> [SUPPLIED ENTRIES]:

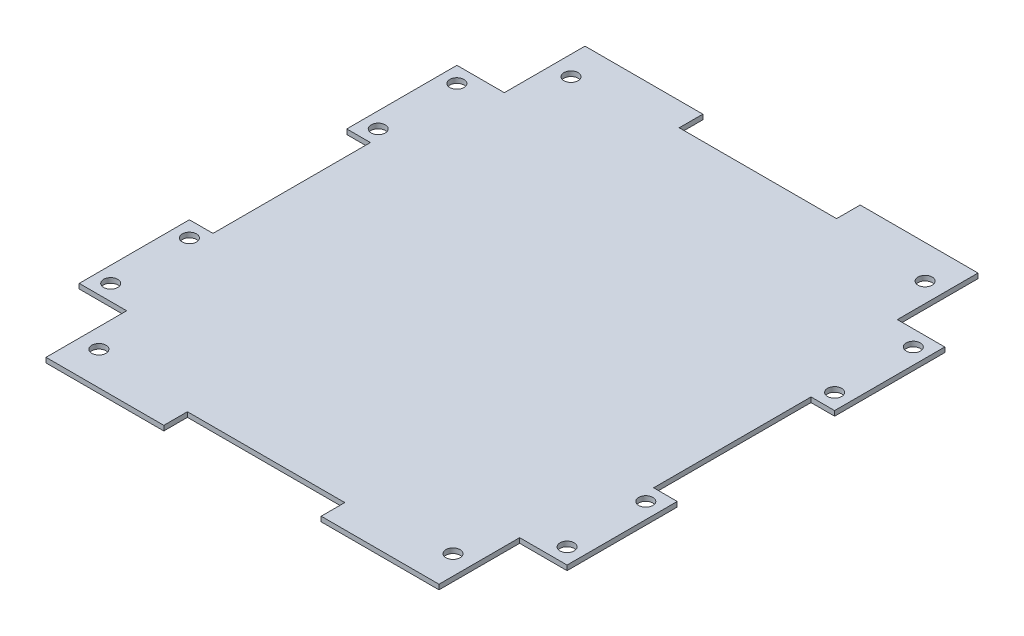
from build123d import *

# Parameters (mm, degrees)
SKETCH1_R           = 2.286
BOSS_EXTRUDE1_DEPTH = 1.5875
SKETCH2_R           = 2.286
CUT_EXTRUDE1_DEPTH  = 2.5875


with BuildPart() as part:
    # Sketch1 → Boss-Extrude1 (new body)
    with BuildSketch(Plane(origin=(0, 0, 0), x_dir=(1, 0, 0), z_dir=(0, 1, 0))):
        Polygon((-25.4, 86.995), (-63.43142, 86.995), (-63.43142, 60.96), (-78.74, 60.96), (-78.74, 25.4), (-71.12, 25.4), (-71.12, -25.4), (-78.74, -25.4), (-78.74, -60.96), (-63.43142, -60.96), (-63.43142, -86.995), (-25.4, -86.995), (-25.4, -79.375), (25.4, -79.375), (25.4, -86.995), (63.43142, -86.995), (63.43142, -60.96), (78.74, -60.96), (78.74, -25.4), (71.12, -25.4), (71.12, 25.4), (78.74, 25.4), (78.74, 60.96), (63.43142, 60.96), (63.43142, 86.995), (25.4, 86.995), (25.4, 79.375), (-25.4, 79.375), align=None)
        with Locations((-57.15, 76.2)):
            Circle(SKETCH1_R, mode=Mode.SUBTRACT)
        with Locations((57.15, 76.2)):
            Circle(SKETCH1_R, mode=Mode.SUBTRACT)
        with Locations((57.15, -76.2)):
            Circle(SKETCH1_R, mode=Mode.SUBTRACT)
        with Locations((-57.15, -76.2)):
            Circle(SKETCH1_R, mode=Mode.SUBTRACT)
    extrude(amount=BOSS_EXTRUDE1_DEPTH)

    # Sketch2 → Cut-Extrude1 (cut, through all)
    with BuildSketch(Plane(origin=(0, 1.5875, 0), x_dir=(1, 0, 0), z_dir=(0, 1, 0))):
        with Locations((-73.66, -30.48)):
            Circle(SKETCH2_R)
        with Locations((-73.66, -55.88)):
            Circle(SKETCH2_R)
        with Locations((73.66, -55.88)):
            Circle(SKETCH2_R)
        with Locations((73.66, -30.48)):
            Circle(SKETCH2_R)
        with Locations((73.66, 30.48)):
            Circle(SKETCH2_R)
        with Locations((73.66, 55.88)):
            Circle(SKETCH2_R)
        with Locations((-73.66, 55.88)):
            Circle(SKETCH2_R)
        with Locations((-73.66, 30.48)):
            Circle(SKETCH2_R)
    extrude(amount=-CUT_EXTRUDE1_DEPTH, mode=Mode.SUBTRACT)


solid = part.part
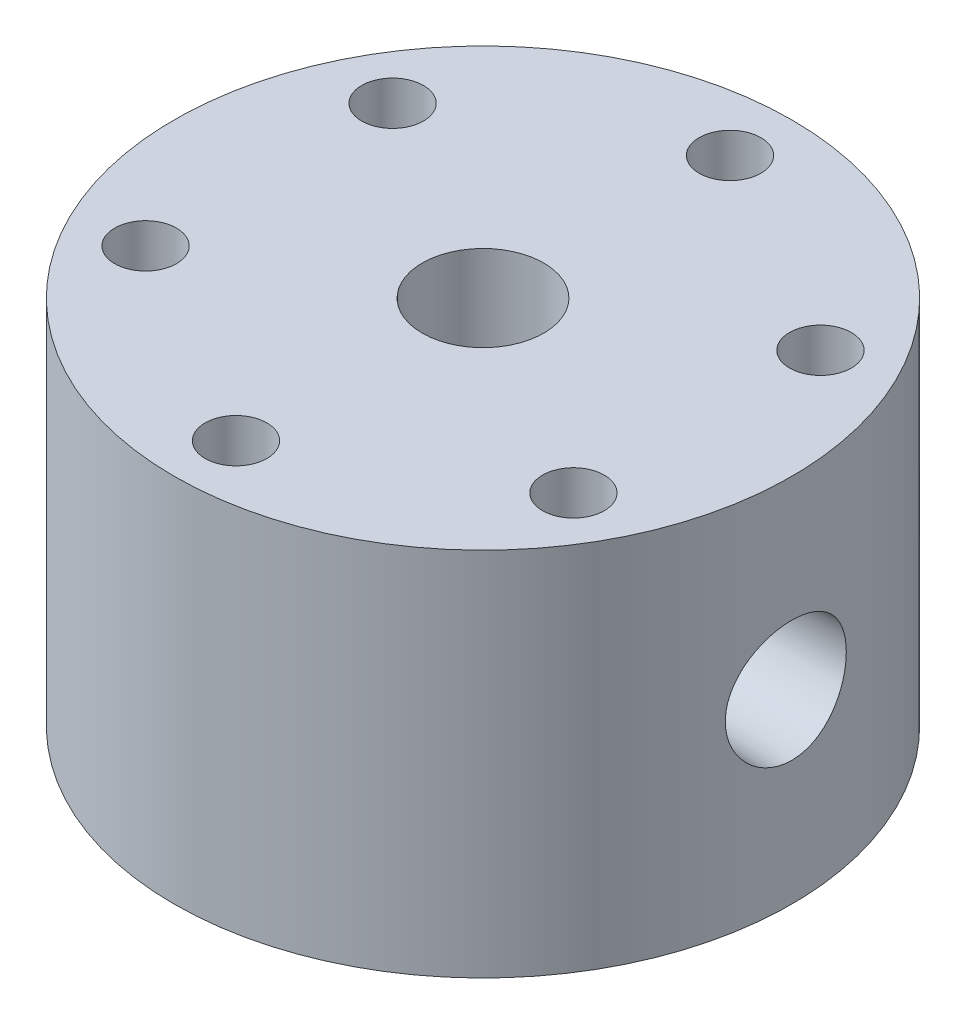
from build123d import *

# Parameters (mm, degrees)
M14X1_5_TAPPED_HOLE1_D              = 12.5
M14X1_5_TAPPED_HOLE1_DEPTH          = 25.4
M14X1_5_TAPPED_HOLE1_TIP            = 3.755378869
F_1_16_0_0625_DIAMETER_HOLE1_D      = 1.5875
F_1_16_0_0625_DIAMETER_HOLE1_DEPTH  = 28.575
F_1_16_0_0625_DIAMETER_HOLE1_TIP    = 0.476933116
F_3_32_0_09375_DIAMETER_HOLE1_D     = 2.38125
F_3_32_0_09375_DIAMETER_HOLE1_DEPTH = 28.702
F_3_32_0_09375_DIAMETER_HOLE1_TIP   = 0.715399675
F_1_4_0_25_DIAMETER_HOLE1_D         = 6.35
CIRPATTERN1_COUNT                   = 6
F_1_32_0_03125_DIAMETER_HOLE1_D     = 0.79375
F_1_32_0_03125_DIAMETER_HOLE1_DEPTH = 28.575
F_1_32_0_03125_DIAMETER_HOLE1_TIP   = 0.238466558


with BuildPart() as part:
    # Sketch1 → Revolve1 (revolve)
    with BuildSketch(Plane.XY):
        Polygon((-3.81, 0), (-8.0645, 0), (-8.0645, 2.032), (-11.1125, 2.032), (-11.1125, 0), (-12.7, 0), (-12.7, -6.35), (-31.75, -6.35), (-31.75, 31.75), (-3.81, 31.75), align=None)
    revolve(axis=Axis((0, 0, 0), (0, 1, 0)))

    # M14x1.5 Tapped Hole1
    with Locations(Plane(origin=(0, 31.75, 0), x_dir=(1, 0, 0), z_dir=(0, 1, 0))):
        with Locations((0, 0)):
            Hole(M14X1_5_TAPPED_HOLE1_D / 2, depth=M14X1_5_TAPPED_HOLE1_DEPTH)
            with Locations((0, 0, -(M14X1_5_TAPPED_HOLE1_DEPTH + M14X1_5_TAPPED_HOLE1_TIP / 2))):  # 118° drill point
                Cone(0, M14X1_5_TAPPED_HOLE1_D / 2, M14X1_5_TAPPED_HOLE1_TIP, mode=Mode.SUBTRACT)

    # Sketch6 → 1/4 NPT Tapped Hole1 (revolve, cut)
    with BuildSketch(Plane(origin=(31.75, 12.7, 0), x_dir=(0, 0, -1), z_dir=(0, 1, 0))):
        Polygon((0, 0), (0, 20.360347279), (5.5626, 17.018), (5.5626, 9.906), (5.943685794, 9.906), (6.2402847, 0), align=None)
    revolve(axis=Axis((38.1, 12.7, 0), (-1, 0, 0)), mode=Mode.SUBTRACT)

    # Sketch8 → 1/4 NPT Tapped Hole2 (revolve, cut)
    with BuildSketch(Plane(origin=(-31.75, 12.7, 0), x_dir=(0, 0, 1), z_dir=(0, 1, 0))):
        Polygon((0, 0), (0, 20.360347279), (5.5626, 17.018), (5.5626, 9.906), (5.943685794, 9.906), (6.2402847, 0), align=None)
    revolve(axis=Axis((-38.1, 12.7, 0), (1, 0, 0)), mode=Mode.SUBTRACT)

    # 1/16 (0.0625) Diameter Hole1
    with Locations(Plane(origin=(31.75, 0, 0), x_dir=(0, 0, -1), z_dir=(1, 0, 0))):
        with Locations((0, 12.7)):
            Hole(F_1_16_0_0625_DIAMETER_HOLE1_D / 2, depth=F_1_16_0_0625_DIAMETER_HOLE1_DEPTH)
            with Locations((0, 0, -(F_1_16_0_0625_DIAMETER_HOLE1_DEPTH + F_1_16_0_0625_DIAMETER_HOLE1_TIP / 2))):  # 118° drill point
                Cone(0, F_1_16_0_0625_DIAMETER_HOLE1_D / 2, F_1_16_0_0625_DIAMETER_HOLE1_TIP, mode=Mode.SUBTRACT)

    # 3/32 (0.09375) Diameter Hole1
    with Locations(Plane.ZY.offset(31.75)):
        with Locations((0, 12.7)):
            Hole(F_3_32_0_09375_DIAMETER_HOLE1_D / 2, depth=F_3_32_0_09375_DIAMETER_HOLE1_DEPTH)
            with Locations((0, 0, -(F_3_32_0_09375_DIAMETER_HOLE1_DEPTH + F_3_32_0_09375_DIAMETER_HOLE1_TIP / 2))):  # 118° drill point
                Cone(0, F_3_32_0_09375_DIAMETER_HOLE1_D / 2, F_3_32_0_09375_DIAMETER_HOLE1_TIP, mode=Mode.SUBTRACT)

    # 1/4 (0.25) Diameter Hole1 (through all)
    with Locations(Plane(origin=(0, 31.75, 0), x_dir=(1, 0, 0), z_dir=(0, 1, 0))):
        with Locations((21.997045256, 12.7)):
            f_1_4_0_25_diameter_hole1 = Hole(F_1_4_0_25_DIAMETER_HOLE1_D / 2)

    # CirPattern1: 1/4 (0.25) Diameter Hole1 ×6 about axis
    cirpattern1_axis = Axis((0, 0, 0), (0, 1, 0))
    for i in range(1, CIRPATTERN1_COUNT):
        add(f_1_4_0_25_diameter_hole1.rotate(cirpattern1_axis, i * 360 / CIRPATTERN1_COUNT), mode=Mode.SUBTRACT)

    # Sketch18 → 1/4 NPT Tapped Hole3 (revolve, cut)
    with BuildSketch(Plane(origin=(15.875, 12.7, -27.49630657), x_dir=(-0.866025404, 0, -0.5), z_dir=(0, 1, 0))):
        Polygon((0, 0), (0, 19.852347279), (5.5626, 16.51), (5.5626, 12.7), (6.557983593, 12.7), (6.9382386, 0), align=None)
    revolve(axis=Axis((19.05, 12.7, -32.995567884), (-0.5, 0, 0.866025404)), mode=Mode.SUBTRACT)

    # 1/32 (0.03125) Diameter Hole1
    with Locations(Plane(origin=(15.875, 0, -27.49630657), x_dir=(0, -1, 0), z_dir=(0.5, 0, -0.866025404))):
        with Locations((-12.7, 0)):
            Hole(F_1_32_0_03125_DIAMETER_HOLE1_D / 2, depth=F_1_32_0_03125_DIAMETER_HOLE1_DEPTH)
            with Locations((0, 0, -(F_1_32_0_03125_DIAMETER_HOLE1_DEPTH + F_1_32_0_03125_DIAMETER_HOLE1_TIP / 2))):  # 118° drill point
                Cone(0, F_1_32_0_03125_DIAMETER_HOLE1_D / 2, F_1_32_0_03125_DIAMETER_HOLE1_TIP, mode=Mode.SUBTRACT)


solid = part.part

> [WHAT TO PRODUCE]:
Exact repeats of the lines from the first one in the data through the line containing "# Sketch1 → Boss-Extrude1 (new body)" make up the answer. Pictures do not.

> [EXERCISE RESULT]:
from build123d import *

# Parameters (mm, degrees)
SKETCH1_R           = 2.286
BOSS_EXTRUDE1_DEPTH = 1.5875
SKETCH2_R           = 2.286
CUT_EXTRUDE1_DEPTH  = 2.5875


with BuildPart() as part:
    # Sketch1 → Boss-Extrude1 (new body)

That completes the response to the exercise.